Изменить размер шрифта - +
Она разыграла удивление, ахнула, всхлипнула — не упустила ни одной возможности, чтобы направить меня по ложному пути. Мне ее изворотливость даже по душе.

— Дама она упорная, — с отсутствующим видом процедил Фицстивен. Занятый своими мыслями, половину моей речи он пропустил мимо ушей. Затем отвернул голову, и прищуренный, задумчивый глаз уставился в потолок.

— Вот и конец Великому Проклятию Дейнов, — сказал я.

Уголком рта смеяться трудновато, но он все-таки рассмеялся:

— А если я скажу вам, мой милый, что я тоже Дейн?

— Как так?

— Моя мать и дед Габриэлы с материнской стороны были братом и сестрой.

— Черт! Вот это да!

— Уйдите пока и дайте мне подумать. Я еще не решил, как поступить. Сейчас я ни в чем не признаюсь. Понятно? Но чтобы спасти свою драгоценную шкуру, мне, видимо, придется упирать как раз на проклятие. И тогда, мой милый, вы сможете насладиться удивительной защитой, таким цирком, от которого радостно взвоют все газеты страны. Я стану настоящим Дейном, отмеченным проклятием всего нашего рода. Преступления моих двоюродных сестричек Алисы, Лили, племянницы Габриэлы и бог знает скольких еще Дейнов будут мне оправданием. Да и количество моих собственных преступлений сыграет свою роль — лишь сумасшедший способен столько совершить. И поверьте, я приведу их множество, если начну с колыбели. Поможет даже литература. Ведь признало же большинство критиков моего «Бледного египтянина» детищем дегенерата. А разве в «Восемнадцати дюймах» они не нашли все известные человечеству признаки вырождения? Все эти факты, мой милый, выручат меня. К тому же я буду размахивать культями — руки нет, ноги нет, тело и лицо покалечены: преступник с Божьей помощью и так достаточно наказан. Да и контузия от бомбы — разве не могла она вернуть мне разум, во всяком случае, выбить патологическую тягу к преступлениям? Я даже верующим стану. Идея меня привлекает. Но сначала надо все обдумать.

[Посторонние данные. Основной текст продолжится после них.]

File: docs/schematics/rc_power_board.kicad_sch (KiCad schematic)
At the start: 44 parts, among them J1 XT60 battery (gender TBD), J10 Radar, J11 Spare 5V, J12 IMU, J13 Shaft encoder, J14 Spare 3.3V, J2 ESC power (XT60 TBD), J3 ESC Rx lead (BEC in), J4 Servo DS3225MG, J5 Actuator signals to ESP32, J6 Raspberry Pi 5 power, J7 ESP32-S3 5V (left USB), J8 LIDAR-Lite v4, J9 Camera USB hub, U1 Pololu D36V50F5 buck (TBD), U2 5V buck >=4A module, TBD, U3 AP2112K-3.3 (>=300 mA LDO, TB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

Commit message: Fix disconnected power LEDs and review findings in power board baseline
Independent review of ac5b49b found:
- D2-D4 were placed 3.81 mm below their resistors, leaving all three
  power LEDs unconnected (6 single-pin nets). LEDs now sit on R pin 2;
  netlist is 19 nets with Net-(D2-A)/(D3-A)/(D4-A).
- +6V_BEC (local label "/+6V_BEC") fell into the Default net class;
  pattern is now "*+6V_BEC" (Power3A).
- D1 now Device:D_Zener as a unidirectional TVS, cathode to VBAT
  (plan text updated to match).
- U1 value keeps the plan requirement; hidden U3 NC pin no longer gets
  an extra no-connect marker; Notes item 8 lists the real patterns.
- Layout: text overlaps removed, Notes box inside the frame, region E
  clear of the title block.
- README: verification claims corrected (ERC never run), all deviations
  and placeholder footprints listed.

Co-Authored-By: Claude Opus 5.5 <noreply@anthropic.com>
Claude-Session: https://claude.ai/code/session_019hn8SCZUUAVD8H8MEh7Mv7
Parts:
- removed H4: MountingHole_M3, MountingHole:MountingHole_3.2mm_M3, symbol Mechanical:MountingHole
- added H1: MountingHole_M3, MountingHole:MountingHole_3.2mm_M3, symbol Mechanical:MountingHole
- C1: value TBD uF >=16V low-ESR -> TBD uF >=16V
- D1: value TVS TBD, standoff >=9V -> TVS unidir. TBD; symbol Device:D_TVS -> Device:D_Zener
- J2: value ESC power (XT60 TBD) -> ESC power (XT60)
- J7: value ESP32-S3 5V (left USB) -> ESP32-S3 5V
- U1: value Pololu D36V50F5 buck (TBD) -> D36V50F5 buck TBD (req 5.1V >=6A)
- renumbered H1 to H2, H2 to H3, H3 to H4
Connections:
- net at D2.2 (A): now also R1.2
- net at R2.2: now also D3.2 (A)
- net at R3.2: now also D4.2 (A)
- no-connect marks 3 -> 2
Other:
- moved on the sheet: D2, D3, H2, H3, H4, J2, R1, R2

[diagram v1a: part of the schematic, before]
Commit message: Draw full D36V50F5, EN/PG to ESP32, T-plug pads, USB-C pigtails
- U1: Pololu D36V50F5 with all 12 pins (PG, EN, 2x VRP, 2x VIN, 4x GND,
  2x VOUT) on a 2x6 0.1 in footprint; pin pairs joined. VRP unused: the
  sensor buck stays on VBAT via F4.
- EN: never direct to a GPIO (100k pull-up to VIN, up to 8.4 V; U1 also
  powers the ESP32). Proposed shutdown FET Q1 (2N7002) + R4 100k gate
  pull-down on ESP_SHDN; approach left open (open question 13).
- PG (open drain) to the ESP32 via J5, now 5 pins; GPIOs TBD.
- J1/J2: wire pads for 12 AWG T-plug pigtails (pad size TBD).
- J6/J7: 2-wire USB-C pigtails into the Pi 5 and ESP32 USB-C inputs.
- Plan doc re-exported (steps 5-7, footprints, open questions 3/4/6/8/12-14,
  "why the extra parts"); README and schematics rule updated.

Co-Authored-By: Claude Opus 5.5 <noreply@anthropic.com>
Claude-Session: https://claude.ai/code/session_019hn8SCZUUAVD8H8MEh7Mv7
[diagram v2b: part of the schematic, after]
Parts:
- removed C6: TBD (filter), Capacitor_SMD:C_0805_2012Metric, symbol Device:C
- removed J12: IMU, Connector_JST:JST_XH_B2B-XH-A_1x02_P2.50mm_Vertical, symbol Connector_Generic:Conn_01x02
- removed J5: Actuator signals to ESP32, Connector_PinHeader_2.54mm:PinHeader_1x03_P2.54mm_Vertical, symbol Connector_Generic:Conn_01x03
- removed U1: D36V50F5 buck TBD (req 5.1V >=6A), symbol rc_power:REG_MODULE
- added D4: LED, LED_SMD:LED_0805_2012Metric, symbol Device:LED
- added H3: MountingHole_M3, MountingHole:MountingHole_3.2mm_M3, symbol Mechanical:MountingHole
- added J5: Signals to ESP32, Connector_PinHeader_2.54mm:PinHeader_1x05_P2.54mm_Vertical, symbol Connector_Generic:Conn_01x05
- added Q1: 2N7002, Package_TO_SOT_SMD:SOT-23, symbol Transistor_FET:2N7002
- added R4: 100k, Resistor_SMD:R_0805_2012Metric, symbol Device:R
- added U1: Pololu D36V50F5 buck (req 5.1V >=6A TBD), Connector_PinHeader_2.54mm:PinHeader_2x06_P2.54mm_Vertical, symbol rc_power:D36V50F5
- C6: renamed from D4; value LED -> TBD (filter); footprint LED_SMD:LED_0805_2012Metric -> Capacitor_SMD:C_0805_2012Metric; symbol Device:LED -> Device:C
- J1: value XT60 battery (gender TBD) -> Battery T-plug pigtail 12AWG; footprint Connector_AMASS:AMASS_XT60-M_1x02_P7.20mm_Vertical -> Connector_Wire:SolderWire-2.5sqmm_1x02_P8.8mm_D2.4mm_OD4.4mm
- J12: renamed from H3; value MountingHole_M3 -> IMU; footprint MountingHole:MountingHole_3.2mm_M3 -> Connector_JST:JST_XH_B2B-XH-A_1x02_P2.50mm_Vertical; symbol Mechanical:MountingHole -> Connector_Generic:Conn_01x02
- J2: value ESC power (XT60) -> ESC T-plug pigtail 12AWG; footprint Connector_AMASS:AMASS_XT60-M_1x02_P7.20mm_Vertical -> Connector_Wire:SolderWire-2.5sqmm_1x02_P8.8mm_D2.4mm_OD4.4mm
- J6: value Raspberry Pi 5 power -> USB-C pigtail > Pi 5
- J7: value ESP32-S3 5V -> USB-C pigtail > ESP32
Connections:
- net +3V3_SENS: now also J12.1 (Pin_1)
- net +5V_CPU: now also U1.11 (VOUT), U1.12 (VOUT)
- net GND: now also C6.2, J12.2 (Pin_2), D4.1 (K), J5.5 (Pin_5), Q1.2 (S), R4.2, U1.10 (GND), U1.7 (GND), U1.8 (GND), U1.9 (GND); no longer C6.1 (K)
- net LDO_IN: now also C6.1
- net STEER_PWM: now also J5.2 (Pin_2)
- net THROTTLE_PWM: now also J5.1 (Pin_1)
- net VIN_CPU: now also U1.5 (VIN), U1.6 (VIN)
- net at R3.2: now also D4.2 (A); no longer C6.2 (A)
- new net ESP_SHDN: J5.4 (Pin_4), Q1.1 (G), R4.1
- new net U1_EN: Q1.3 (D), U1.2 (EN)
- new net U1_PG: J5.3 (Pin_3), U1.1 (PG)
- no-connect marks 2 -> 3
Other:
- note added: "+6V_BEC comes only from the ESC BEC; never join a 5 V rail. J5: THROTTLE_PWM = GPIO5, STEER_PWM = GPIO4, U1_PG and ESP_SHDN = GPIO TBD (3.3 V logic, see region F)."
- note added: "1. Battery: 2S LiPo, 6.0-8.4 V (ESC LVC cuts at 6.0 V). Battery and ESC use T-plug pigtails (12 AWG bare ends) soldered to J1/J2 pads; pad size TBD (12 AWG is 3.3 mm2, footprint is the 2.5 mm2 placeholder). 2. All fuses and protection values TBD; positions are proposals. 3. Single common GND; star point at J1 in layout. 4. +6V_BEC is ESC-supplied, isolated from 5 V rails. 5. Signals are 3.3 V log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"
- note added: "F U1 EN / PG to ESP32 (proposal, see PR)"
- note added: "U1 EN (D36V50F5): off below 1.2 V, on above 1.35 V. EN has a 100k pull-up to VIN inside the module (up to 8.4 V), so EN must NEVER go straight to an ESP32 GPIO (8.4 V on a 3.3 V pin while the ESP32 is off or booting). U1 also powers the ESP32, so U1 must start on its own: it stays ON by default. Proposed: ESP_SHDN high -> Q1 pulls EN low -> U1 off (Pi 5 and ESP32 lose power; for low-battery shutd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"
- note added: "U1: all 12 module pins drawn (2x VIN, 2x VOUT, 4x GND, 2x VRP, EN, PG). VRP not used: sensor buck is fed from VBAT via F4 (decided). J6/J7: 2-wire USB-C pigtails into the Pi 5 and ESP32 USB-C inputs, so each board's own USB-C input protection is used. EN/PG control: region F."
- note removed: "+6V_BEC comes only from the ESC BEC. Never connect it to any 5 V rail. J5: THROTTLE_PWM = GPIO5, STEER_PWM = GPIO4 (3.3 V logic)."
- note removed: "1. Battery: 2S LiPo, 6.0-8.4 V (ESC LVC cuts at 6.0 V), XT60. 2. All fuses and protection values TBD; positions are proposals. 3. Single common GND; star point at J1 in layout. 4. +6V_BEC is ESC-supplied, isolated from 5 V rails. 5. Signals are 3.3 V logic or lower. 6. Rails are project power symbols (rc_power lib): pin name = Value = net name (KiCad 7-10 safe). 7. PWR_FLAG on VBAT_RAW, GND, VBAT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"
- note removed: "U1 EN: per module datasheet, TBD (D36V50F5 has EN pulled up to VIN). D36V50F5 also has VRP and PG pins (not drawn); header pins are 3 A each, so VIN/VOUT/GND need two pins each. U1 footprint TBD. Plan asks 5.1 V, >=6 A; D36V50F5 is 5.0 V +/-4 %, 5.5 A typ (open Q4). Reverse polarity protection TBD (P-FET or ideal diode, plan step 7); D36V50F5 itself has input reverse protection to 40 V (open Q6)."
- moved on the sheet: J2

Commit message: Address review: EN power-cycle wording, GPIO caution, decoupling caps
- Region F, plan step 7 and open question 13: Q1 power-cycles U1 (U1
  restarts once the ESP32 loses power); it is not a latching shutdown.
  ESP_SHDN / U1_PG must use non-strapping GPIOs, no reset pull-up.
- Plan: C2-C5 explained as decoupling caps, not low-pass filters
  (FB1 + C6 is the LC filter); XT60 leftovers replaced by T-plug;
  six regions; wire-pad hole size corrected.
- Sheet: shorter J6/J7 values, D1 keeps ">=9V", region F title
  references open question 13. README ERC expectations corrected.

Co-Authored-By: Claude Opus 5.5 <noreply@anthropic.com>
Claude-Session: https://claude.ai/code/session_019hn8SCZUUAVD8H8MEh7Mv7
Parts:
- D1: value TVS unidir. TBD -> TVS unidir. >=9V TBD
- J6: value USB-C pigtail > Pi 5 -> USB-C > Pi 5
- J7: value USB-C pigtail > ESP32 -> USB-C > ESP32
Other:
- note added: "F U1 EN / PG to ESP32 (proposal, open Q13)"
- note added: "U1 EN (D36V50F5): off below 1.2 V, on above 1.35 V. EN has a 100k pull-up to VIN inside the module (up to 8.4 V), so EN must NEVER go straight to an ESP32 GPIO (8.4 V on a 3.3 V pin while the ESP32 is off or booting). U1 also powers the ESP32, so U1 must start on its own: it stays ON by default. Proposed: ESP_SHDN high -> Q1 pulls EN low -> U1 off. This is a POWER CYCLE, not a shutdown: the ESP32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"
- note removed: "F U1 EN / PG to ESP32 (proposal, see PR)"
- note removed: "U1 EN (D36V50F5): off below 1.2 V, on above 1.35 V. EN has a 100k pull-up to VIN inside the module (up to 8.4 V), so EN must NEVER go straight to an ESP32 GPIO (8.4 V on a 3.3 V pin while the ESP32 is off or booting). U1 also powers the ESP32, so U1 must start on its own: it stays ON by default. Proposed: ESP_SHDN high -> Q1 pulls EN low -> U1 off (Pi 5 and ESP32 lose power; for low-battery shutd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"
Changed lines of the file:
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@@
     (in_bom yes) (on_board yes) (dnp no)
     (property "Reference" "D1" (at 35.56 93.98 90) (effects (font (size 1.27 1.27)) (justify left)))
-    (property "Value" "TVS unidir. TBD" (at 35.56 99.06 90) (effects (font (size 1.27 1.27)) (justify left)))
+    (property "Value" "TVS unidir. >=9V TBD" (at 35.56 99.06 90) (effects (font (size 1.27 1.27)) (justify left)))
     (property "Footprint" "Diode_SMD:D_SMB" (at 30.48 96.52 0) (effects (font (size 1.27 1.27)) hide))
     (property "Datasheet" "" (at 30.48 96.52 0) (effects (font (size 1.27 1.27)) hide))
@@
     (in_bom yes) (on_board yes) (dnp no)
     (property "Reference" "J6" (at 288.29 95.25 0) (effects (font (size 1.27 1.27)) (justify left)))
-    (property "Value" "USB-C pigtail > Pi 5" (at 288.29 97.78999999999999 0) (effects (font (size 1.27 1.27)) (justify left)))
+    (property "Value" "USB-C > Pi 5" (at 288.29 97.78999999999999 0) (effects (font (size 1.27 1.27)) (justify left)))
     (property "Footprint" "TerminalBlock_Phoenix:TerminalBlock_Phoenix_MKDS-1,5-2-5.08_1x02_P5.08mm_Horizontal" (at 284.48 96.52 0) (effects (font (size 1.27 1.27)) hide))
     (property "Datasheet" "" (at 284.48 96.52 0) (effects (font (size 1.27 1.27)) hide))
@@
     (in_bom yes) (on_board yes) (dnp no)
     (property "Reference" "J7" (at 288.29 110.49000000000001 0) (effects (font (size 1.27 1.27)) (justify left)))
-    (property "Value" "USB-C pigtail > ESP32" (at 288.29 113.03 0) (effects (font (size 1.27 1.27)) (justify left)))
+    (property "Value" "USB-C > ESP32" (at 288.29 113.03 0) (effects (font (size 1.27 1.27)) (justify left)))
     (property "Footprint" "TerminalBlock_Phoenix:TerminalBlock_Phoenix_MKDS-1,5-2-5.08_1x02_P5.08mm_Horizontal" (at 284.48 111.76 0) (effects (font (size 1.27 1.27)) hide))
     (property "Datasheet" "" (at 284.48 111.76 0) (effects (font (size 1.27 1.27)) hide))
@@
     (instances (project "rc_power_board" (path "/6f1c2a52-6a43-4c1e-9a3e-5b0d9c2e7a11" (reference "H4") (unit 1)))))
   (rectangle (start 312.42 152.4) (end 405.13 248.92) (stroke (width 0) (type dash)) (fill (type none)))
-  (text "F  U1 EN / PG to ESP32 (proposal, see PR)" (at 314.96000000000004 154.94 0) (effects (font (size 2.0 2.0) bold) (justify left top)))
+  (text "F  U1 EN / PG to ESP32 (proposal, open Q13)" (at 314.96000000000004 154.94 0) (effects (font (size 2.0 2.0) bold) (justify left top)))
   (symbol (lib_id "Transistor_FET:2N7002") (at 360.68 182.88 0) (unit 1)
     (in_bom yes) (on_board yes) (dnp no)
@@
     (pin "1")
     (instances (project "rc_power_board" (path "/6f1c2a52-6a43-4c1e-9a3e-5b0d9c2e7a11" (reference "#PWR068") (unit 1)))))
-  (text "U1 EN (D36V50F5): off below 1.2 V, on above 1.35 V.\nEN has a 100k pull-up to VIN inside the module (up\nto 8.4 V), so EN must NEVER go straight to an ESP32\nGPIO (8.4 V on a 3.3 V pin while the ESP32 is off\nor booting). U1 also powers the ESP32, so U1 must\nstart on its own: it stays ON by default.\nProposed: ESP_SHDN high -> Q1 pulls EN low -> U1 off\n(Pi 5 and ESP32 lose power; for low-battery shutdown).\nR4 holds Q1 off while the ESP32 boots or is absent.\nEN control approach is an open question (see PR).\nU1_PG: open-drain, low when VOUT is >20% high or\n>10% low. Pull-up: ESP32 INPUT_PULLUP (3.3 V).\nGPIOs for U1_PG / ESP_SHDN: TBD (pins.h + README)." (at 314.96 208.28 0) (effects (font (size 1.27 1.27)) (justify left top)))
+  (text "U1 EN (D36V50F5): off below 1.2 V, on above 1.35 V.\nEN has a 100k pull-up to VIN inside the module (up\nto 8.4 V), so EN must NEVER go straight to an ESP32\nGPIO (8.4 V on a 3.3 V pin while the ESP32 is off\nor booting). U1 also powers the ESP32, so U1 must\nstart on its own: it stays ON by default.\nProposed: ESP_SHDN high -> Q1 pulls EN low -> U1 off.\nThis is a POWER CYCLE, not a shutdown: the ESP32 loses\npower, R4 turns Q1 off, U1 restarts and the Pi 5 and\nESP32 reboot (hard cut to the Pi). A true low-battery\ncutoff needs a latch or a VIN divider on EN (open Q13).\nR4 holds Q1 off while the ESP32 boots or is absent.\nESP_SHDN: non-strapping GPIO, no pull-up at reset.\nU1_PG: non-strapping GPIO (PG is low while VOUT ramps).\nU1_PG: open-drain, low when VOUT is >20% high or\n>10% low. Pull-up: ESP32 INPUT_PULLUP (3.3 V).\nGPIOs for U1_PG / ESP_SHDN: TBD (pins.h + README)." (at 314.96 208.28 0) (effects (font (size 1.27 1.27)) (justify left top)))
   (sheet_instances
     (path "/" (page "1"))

Измученный этой речью, он тяжело всасывал половинкой рта воздух, но в сером глазу светилось торжество.

— Что ж, скорей всего, дело выгорит, — сказал я, собираясь уходить. — Буду за вас болеть. Вам и так уже досталось. А потом, если кто и заслуживает снисхождения — так это вы.

— Снисхождения? — переспросил он, и взгляд у него потускнел. Он отвел глаз, потом снова смущенно посмотрел на меня. — Скажите правду, меня что, признают невменяемым?

Я кивнул.

— Черт! Тогда все уже не то, — пожаловался он, не без успеха пытаясь побороть смущение и принять свой обычный лениво-насмешливый вид. — Что за удовольствие, если я на самом деле псих.

Когда я вернулся в дом над бухтой, Мики и Макман сидели на крыльце.

— Привет! — сказал Макман.

— Новых шрамов в любовных сражениях не заработал? — спросил Мики. — Твоя подружка, кстати, про тебя спрашивала.

Поскольку меня снова приняли в общество людей, я понял, что Габриэла чувствует себя прилично.

Она сидела на кровати с подушками за спиной, лицо все еще — или заново — напудрено, глаза радостно поблескивают.

— Мне вовсе не хотелось усылать вас навсегда, нехороший вы человек, — пожурила она меня. — Я приготовила вам сюрприз и просто сгораю от нетерпения.

— Что за сюрприз?

— Закройте глаза.

Я закрыл.

— Откройте.

Я открыл. Она протягивала мне восемь пакетиков, которые Мери Нуньес вытащила из кармана пиджака.

— Они у меня с середины дня, — гордо заявила она. — На них следы моих пальцев и слез, но ни один не открыт.